[Exercise description]
Copy each line below holding "pattern".

[Items from a data source]
Segment Open

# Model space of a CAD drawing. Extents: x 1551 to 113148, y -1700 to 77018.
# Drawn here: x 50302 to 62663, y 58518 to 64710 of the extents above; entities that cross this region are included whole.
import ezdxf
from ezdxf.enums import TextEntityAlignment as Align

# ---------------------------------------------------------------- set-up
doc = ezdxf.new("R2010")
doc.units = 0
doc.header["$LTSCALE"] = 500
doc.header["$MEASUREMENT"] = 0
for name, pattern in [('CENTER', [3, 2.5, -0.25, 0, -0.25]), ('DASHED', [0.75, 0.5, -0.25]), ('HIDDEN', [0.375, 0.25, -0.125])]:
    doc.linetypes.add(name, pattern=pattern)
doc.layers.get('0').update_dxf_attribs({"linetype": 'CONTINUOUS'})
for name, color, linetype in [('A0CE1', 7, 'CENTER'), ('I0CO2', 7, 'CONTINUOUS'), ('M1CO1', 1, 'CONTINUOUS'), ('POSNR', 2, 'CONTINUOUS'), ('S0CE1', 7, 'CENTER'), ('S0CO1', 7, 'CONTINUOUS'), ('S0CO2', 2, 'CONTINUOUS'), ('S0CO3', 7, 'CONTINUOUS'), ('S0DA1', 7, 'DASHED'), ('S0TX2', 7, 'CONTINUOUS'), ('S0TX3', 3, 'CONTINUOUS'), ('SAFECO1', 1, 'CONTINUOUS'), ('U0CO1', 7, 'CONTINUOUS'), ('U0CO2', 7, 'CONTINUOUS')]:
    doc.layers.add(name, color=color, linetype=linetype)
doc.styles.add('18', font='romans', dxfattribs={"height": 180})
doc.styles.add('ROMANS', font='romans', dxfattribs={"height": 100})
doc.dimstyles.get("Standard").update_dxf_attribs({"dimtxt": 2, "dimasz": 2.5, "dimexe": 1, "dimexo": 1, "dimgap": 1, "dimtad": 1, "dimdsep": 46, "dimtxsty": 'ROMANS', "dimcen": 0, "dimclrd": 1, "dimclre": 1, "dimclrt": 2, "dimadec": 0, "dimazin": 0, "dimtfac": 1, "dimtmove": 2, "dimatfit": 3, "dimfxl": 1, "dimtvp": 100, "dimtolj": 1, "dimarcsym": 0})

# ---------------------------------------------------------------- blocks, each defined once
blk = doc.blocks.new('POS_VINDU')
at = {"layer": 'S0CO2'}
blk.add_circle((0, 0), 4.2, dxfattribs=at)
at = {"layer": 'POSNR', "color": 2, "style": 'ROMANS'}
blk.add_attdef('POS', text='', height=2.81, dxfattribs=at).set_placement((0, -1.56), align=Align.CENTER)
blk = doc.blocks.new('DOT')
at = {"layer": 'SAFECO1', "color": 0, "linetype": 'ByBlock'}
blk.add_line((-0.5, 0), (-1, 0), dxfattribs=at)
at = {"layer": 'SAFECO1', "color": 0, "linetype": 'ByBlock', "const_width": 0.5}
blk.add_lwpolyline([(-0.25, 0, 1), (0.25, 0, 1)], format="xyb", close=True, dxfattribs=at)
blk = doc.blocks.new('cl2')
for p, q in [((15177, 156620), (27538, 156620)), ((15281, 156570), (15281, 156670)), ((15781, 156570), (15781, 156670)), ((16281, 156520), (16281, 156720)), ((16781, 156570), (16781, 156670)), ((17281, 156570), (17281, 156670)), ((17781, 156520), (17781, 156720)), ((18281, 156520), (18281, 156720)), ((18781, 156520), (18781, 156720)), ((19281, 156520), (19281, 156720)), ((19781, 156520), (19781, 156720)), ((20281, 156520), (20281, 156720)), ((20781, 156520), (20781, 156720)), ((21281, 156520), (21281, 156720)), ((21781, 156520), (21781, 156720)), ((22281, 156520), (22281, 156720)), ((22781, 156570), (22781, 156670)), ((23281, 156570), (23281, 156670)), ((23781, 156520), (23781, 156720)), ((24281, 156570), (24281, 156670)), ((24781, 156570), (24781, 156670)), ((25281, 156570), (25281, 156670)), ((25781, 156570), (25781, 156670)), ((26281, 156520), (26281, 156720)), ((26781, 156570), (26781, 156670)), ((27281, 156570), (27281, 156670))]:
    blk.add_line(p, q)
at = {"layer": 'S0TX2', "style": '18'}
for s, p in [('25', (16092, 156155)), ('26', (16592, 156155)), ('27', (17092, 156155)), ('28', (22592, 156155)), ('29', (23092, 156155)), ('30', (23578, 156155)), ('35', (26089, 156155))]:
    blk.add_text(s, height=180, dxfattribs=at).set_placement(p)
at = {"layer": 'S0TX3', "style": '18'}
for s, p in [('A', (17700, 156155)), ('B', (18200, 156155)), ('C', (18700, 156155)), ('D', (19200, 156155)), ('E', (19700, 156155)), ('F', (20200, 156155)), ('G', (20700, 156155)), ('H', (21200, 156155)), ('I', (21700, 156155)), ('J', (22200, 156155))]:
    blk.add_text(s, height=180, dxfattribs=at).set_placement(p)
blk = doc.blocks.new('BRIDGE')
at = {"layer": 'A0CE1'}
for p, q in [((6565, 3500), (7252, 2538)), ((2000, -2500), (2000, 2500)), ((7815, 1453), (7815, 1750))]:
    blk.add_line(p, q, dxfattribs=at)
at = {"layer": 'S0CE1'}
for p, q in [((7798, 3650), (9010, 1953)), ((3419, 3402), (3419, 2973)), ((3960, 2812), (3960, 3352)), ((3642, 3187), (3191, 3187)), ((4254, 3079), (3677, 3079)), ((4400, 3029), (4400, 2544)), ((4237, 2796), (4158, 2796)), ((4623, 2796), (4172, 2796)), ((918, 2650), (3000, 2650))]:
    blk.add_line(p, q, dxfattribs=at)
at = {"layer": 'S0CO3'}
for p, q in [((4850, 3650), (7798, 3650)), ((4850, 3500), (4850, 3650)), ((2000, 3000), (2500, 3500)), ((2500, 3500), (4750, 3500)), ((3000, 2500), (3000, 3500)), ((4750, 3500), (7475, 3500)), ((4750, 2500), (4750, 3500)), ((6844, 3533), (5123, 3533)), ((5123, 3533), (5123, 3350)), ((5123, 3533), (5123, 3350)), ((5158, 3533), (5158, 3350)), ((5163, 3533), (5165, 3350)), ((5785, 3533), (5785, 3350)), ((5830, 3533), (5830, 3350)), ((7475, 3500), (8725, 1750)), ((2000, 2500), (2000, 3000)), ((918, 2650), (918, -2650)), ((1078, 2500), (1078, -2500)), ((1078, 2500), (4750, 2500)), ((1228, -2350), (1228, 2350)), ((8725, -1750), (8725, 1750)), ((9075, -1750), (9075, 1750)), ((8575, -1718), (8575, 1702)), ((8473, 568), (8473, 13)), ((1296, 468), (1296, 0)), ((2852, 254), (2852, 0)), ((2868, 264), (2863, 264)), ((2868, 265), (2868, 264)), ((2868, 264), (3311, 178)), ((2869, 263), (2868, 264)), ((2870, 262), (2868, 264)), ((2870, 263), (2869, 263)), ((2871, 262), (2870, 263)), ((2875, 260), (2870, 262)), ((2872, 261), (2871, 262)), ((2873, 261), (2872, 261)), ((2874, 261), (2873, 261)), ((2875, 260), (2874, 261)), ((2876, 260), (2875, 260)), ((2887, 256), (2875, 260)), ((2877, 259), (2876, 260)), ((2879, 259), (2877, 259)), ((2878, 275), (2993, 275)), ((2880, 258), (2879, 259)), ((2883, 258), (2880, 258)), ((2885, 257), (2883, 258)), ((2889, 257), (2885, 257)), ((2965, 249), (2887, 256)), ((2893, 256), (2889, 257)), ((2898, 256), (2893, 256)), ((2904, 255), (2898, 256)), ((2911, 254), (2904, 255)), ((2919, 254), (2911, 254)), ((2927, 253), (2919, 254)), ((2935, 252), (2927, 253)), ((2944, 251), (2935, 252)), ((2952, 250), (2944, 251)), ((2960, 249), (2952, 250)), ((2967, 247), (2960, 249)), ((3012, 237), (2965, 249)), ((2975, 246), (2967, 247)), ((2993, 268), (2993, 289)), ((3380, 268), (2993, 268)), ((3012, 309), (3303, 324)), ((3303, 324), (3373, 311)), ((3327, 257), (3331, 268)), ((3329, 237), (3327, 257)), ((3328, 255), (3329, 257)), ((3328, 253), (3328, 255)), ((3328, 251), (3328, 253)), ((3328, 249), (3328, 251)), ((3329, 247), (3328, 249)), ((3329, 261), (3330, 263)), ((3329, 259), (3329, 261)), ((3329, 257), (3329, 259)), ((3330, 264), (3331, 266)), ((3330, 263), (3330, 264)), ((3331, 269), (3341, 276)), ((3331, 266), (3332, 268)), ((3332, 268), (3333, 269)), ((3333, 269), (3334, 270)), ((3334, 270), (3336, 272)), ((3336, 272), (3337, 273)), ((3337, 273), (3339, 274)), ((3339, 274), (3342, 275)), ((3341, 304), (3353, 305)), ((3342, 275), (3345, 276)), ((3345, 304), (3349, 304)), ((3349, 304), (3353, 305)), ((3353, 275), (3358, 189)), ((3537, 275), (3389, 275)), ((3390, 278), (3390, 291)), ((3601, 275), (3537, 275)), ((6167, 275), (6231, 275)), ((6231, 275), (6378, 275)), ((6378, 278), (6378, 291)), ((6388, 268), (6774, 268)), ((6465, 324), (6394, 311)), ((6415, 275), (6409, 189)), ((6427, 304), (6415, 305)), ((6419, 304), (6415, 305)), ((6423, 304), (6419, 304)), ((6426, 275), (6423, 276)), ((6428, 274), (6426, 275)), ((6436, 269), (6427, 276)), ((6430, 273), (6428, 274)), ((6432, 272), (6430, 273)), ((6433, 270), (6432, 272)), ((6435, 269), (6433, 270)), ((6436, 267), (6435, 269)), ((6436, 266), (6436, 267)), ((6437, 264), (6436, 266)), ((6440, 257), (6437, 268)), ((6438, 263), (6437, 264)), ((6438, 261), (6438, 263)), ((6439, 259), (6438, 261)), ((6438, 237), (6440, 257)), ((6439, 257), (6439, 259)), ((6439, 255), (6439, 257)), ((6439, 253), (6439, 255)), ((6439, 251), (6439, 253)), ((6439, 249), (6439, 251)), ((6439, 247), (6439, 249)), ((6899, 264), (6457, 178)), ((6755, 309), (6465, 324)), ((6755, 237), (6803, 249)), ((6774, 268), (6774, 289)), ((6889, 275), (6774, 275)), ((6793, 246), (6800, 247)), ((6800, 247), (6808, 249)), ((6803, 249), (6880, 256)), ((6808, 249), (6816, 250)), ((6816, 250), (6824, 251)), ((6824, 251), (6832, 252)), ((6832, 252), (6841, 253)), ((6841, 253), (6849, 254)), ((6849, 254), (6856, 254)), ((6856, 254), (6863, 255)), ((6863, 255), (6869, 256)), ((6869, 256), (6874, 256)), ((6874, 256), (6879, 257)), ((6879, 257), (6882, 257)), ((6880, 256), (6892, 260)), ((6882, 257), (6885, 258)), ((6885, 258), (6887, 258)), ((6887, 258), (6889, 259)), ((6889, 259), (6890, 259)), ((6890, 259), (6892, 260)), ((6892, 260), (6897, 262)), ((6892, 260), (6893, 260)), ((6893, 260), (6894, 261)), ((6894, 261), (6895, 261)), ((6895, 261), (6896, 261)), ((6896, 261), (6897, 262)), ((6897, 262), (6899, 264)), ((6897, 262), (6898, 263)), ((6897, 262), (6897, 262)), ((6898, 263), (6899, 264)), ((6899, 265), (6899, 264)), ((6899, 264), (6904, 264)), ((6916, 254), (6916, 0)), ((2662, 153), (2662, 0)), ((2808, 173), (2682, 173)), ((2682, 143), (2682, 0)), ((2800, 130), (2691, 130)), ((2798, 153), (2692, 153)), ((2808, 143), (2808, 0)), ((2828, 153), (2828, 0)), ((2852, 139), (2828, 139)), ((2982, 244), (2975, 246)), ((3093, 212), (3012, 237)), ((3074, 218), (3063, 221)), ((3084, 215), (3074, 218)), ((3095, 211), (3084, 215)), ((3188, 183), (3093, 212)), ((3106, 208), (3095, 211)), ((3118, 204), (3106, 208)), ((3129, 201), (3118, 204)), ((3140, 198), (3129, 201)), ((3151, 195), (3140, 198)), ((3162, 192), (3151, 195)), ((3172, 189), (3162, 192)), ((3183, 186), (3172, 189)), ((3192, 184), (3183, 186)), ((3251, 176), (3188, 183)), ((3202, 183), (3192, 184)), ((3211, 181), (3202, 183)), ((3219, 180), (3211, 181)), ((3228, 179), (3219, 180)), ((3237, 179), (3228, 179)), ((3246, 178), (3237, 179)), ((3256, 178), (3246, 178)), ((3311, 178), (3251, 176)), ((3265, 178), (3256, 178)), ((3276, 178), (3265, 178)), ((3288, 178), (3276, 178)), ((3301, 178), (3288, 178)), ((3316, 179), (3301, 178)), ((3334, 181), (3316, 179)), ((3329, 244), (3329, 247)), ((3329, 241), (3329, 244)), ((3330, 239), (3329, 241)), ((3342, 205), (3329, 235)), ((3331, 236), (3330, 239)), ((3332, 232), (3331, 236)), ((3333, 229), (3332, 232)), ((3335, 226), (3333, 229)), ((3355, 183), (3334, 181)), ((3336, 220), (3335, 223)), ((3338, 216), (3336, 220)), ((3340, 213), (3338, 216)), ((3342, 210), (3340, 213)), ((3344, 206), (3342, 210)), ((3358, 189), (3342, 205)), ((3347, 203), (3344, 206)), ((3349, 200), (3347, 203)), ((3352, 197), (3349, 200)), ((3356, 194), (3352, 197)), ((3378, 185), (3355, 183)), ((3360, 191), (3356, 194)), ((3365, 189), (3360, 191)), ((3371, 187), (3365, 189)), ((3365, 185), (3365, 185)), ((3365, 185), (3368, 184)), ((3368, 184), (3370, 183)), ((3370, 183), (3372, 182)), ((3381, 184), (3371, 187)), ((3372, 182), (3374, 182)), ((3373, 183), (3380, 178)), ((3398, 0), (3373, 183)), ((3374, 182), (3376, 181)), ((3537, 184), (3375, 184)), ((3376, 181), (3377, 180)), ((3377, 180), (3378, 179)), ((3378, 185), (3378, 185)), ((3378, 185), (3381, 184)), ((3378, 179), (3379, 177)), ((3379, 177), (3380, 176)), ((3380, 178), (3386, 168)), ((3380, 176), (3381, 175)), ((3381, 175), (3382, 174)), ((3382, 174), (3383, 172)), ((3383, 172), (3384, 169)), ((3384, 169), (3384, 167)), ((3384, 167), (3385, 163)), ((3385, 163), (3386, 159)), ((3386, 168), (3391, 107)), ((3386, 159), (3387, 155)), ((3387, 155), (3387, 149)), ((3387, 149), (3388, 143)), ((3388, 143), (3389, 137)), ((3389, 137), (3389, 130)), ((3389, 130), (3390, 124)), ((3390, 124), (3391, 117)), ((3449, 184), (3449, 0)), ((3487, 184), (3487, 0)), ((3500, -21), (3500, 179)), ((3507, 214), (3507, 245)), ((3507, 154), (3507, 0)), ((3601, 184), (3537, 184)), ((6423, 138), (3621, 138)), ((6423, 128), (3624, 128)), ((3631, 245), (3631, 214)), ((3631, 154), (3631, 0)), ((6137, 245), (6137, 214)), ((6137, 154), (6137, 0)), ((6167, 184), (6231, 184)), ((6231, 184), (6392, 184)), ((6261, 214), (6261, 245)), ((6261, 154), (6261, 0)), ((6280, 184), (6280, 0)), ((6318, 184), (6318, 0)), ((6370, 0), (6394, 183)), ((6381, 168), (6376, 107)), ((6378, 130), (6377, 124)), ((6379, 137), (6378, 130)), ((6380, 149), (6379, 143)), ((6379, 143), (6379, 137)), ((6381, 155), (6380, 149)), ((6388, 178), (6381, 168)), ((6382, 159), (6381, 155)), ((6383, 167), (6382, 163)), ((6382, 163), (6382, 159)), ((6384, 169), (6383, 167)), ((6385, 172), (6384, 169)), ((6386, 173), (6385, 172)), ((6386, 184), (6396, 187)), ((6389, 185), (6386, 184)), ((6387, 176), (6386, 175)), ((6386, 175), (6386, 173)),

Segment Closed

[Exercise response]
for name, pattern in [('CENTER', [3, 2.5, -0.25, 0, -0.25]), ('DASHED', [0.75, 0.5, -0.25]), ('HIDDEN', [0.375, 0.25, -0.125])]:
    doc.linetypes.add(name, pattern=pattern)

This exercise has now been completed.